(EXERCISE DATA begins)

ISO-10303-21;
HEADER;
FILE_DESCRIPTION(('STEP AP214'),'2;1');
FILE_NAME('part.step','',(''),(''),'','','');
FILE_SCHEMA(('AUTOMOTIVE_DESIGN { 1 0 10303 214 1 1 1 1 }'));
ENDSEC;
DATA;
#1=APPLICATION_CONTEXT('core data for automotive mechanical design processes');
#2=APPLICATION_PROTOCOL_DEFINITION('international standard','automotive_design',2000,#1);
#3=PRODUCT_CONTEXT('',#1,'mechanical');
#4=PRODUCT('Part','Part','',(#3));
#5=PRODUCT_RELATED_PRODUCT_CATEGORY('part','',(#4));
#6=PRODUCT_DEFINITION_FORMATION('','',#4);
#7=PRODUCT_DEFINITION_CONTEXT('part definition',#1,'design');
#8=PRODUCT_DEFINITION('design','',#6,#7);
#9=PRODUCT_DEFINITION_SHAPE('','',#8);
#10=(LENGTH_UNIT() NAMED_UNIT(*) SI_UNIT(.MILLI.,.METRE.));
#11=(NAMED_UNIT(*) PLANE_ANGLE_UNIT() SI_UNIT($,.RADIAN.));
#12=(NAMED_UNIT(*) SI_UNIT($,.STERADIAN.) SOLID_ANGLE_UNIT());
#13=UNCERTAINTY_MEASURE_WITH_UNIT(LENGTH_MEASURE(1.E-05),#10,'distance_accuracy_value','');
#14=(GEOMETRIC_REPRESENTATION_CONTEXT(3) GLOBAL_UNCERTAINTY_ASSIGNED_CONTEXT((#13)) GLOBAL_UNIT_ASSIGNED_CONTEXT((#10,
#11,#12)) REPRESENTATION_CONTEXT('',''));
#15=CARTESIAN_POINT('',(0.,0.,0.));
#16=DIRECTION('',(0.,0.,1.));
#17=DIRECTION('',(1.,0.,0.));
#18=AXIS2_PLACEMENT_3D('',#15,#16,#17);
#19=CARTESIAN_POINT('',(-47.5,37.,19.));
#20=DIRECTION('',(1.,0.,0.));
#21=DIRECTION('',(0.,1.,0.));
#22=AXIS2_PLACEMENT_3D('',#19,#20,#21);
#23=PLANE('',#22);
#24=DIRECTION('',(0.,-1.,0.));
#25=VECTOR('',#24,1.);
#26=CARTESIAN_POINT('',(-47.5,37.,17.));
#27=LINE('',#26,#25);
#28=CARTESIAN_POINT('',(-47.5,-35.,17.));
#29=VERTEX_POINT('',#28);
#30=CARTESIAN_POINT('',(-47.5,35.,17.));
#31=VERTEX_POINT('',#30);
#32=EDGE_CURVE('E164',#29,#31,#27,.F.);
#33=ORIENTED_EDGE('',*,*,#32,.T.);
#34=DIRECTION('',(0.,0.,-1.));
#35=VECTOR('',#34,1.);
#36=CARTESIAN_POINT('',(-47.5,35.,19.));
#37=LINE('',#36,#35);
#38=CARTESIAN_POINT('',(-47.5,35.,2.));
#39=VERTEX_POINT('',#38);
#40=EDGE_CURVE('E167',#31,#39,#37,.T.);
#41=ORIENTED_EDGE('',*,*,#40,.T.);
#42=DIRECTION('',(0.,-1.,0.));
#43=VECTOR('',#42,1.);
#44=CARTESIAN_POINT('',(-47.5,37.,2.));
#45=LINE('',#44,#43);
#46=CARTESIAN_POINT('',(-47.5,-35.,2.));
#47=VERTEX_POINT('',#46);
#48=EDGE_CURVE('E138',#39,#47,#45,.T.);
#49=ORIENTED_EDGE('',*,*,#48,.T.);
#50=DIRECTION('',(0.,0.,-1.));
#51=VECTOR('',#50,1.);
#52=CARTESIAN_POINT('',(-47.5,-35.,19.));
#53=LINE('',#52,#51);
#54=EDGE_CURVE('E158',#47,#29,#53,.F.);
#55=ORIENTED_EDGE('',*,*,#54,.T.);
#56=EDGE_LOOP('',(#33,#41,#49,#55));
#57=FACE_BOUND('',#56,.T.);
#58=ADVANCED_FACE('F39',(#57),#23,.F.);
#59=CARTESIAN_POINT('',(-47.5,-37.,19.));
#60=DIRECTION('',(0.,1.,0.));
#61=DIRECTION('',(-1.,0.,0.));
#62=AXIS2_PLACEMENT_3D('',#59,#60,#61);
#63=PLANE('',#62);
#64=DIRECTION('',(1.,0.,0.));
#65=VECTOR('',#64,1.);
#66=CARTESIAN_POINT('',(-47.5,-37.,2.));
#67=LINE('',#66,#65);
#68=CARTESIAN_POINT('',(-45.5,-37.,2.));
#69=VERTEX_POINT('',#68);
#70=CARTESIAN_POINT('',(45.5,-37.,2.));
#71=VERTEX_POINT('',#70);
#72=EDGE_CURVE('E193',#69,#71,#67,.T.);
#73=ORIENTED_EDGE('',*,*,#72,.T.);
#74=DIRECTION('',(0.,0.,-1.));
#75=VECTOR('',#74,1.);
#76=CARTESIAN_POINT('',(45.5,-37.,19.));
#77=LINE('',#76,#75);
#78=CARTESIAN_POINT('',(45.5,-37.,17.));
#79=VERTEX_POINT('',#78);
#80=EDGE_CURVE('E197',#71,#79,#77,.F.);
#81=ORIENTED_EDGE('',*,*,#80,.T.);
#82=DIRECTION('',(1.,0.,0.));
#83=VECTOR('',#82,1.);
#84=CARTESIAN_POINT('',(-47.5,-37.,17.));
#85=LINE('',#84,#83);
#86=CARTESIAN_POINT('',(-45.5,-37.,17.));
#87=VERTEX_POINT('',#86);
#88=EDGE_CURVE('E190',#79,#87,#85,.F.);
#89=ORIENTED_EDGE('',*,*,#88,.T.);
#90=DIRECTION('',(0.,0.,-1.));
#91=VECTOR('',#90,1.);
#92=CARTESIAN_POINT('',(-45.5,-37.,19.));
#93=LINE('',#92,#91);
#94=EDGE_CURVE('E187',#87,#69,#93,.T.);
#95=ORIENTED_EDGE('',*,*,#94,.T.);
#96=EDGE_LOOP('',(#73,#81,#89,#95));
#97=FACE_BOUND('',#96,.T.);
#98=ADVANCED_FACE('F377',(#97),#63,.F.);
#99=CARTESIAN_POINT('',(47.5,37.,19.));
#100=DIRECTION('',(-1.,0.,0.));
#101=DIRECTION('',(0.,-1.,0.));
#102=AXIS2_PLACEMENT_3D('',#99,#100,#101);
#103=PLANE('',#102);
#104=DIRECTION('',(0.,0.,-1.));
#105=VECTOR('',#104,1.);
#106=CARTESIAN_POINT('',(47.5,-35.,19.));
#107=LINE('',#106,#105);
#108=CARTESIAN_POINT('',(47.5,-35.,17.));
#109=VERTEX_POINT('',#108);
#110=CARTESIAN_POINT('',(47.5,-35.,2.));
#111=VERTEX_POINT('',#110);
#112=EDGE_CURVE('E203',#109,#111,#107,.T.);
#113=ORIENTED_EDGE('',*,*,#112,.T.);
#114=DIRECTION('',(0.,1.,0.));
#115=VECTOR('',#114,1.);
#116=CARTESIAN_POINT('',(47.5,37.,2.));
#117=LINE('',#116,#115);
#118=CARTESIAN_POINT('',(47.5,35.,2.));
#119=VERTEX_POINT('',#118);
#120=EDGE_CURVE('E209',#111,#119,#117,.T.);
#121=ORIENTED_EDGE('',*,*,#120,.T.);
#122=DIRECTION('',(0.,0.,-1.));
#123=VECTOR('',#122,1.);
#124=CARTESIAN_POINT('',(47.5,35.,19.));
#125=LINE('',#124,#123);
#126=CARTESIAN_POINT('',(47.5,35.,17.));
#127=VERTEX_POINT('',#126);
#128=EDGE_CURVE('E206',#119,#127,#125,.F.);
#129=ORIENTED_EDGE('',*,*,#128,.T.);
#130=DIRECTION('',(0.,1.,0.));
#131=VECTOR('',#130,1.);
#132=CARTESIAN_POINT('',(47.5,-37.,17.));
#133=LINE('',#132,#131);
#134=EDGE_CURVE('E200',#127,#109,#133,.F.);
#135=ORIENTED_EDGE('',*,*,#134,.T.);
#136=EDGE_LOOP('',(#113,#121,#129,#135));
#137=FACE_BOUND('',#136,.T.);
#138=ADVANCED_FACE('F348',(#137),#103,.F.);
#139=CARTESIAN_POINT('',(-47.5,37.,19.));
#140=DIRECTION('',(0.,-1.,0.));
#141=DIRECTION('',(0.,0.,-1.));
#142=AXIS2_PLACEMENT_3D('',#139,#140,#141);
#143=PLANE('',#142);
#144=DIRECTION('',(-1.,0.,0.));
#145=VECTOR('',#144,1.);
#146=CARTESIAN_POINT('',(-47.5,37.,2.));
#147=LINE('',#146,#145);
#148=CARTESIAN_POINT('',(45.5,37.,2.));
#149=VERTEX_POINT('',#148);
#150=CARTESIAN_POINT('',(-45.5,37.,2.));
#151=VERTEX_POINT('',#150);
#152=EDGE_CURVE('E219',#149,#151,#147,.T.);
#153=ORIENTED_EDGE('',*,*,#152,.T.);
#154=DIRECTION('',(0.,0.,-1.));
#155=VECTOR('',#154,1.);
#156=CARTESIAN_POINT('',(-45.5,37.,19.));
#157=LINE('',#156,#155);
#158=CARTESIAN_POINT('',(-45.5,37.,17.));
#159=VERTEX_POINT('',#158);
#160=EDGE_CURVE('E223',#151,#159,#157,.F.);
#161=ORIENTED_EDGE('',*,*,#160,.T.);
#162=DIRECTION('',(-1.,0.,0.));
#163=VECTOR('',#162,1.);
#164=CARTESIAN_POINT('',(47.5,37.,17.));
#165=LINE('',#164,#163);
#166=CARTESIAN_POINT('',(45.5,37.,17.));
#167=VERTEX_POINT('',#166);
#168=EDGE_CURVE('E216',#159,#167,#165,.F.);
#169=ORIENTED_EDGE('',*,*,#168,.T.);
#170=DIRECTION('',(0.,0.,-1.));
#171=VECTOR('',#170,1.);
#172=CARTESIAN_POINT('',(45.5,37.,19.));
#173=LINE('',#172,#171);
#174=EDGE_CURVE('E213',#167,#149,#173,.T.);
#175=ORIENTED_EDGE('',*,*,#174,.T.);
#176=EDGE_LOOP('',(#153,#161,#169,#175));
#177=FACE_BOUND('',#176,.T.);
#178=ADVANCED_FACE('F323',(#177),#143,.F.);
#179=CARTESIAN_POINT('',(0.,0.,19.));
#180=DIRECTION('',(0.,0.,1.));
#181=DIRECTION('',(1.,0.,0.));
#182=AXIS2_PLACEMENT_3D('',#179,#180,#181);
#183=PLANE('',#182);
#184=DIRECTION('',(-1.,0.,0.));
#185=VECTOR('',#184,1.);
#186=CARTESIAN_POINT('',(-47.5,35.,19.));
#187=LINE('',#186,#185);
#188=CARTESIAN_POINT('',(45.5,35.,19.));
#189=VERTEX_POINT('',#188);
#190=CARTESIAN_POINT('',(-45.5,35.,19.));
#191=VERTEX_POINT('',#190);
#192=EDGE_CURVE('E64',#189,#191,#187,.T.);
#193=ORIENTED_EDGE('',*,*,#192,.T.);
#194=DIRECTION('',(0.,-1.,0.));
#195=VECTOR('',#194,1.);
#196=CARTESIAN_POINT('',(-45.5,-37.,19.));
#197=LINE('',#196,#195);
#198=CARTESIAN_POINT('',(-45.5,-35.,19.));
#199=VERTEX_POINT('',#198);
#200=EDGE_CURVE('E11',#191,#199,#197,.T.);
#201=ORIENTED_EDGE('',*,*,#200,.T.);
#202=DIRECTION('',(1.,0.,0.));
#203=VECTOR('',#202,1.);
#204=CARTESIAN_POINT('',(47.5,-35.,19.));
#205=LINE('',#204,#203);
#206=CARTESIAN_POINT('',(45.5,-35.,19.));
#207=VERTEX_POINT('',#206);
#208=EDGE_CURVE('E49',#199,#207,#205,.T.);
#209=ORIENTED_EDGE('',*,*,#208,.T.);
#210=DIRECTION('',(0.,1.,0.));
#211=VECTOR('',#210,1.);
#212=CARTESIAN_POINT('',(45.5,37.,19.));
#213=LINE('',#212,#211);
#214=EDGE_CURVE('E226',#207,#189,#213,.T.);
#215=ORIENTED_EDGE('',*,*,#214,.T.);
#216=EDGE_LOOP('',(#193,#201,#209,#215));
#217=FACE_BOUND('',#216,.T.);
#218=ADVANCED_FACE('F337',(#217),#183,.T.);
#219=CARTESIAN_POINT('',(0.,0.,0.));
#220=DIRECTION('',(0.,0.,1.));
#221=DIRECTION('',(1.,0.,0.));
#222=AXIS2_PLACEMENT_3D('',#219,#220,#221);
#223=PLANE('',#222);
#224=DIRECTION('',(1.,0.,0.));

(EXERCISE DATA ends)

- [TASK]: Within the listing above, give again exactly every line from the line with "#90=DIRECTION('',(0.,0.,-1.));" through the line with "#98=ADVANCED_FACE('F377',(#97),#63,.F.);", both included, and no other line.

- [SOLUTION TO THIS TASK]:
#90=DIRECTION('',(0.,0.,-1.));
#91=VECTOR('',#90,1.);
#92=CARTESIAN_POINT('',(-45.5,-37.,19.));
#93=LINE('',#92,#91);
#94=EDGE_CURVE('E187',#87,#69,#93,.T.);
#95=ORIENTED_EDGE('',*,*,#94,.T.);
#96=EDGE_LOOP('',(#73,#81,#89,#95));
#97=FACE_BOUND('',#96,.T.);
#98=ADVANCED_FACE('F377',(#97),#63,.F.);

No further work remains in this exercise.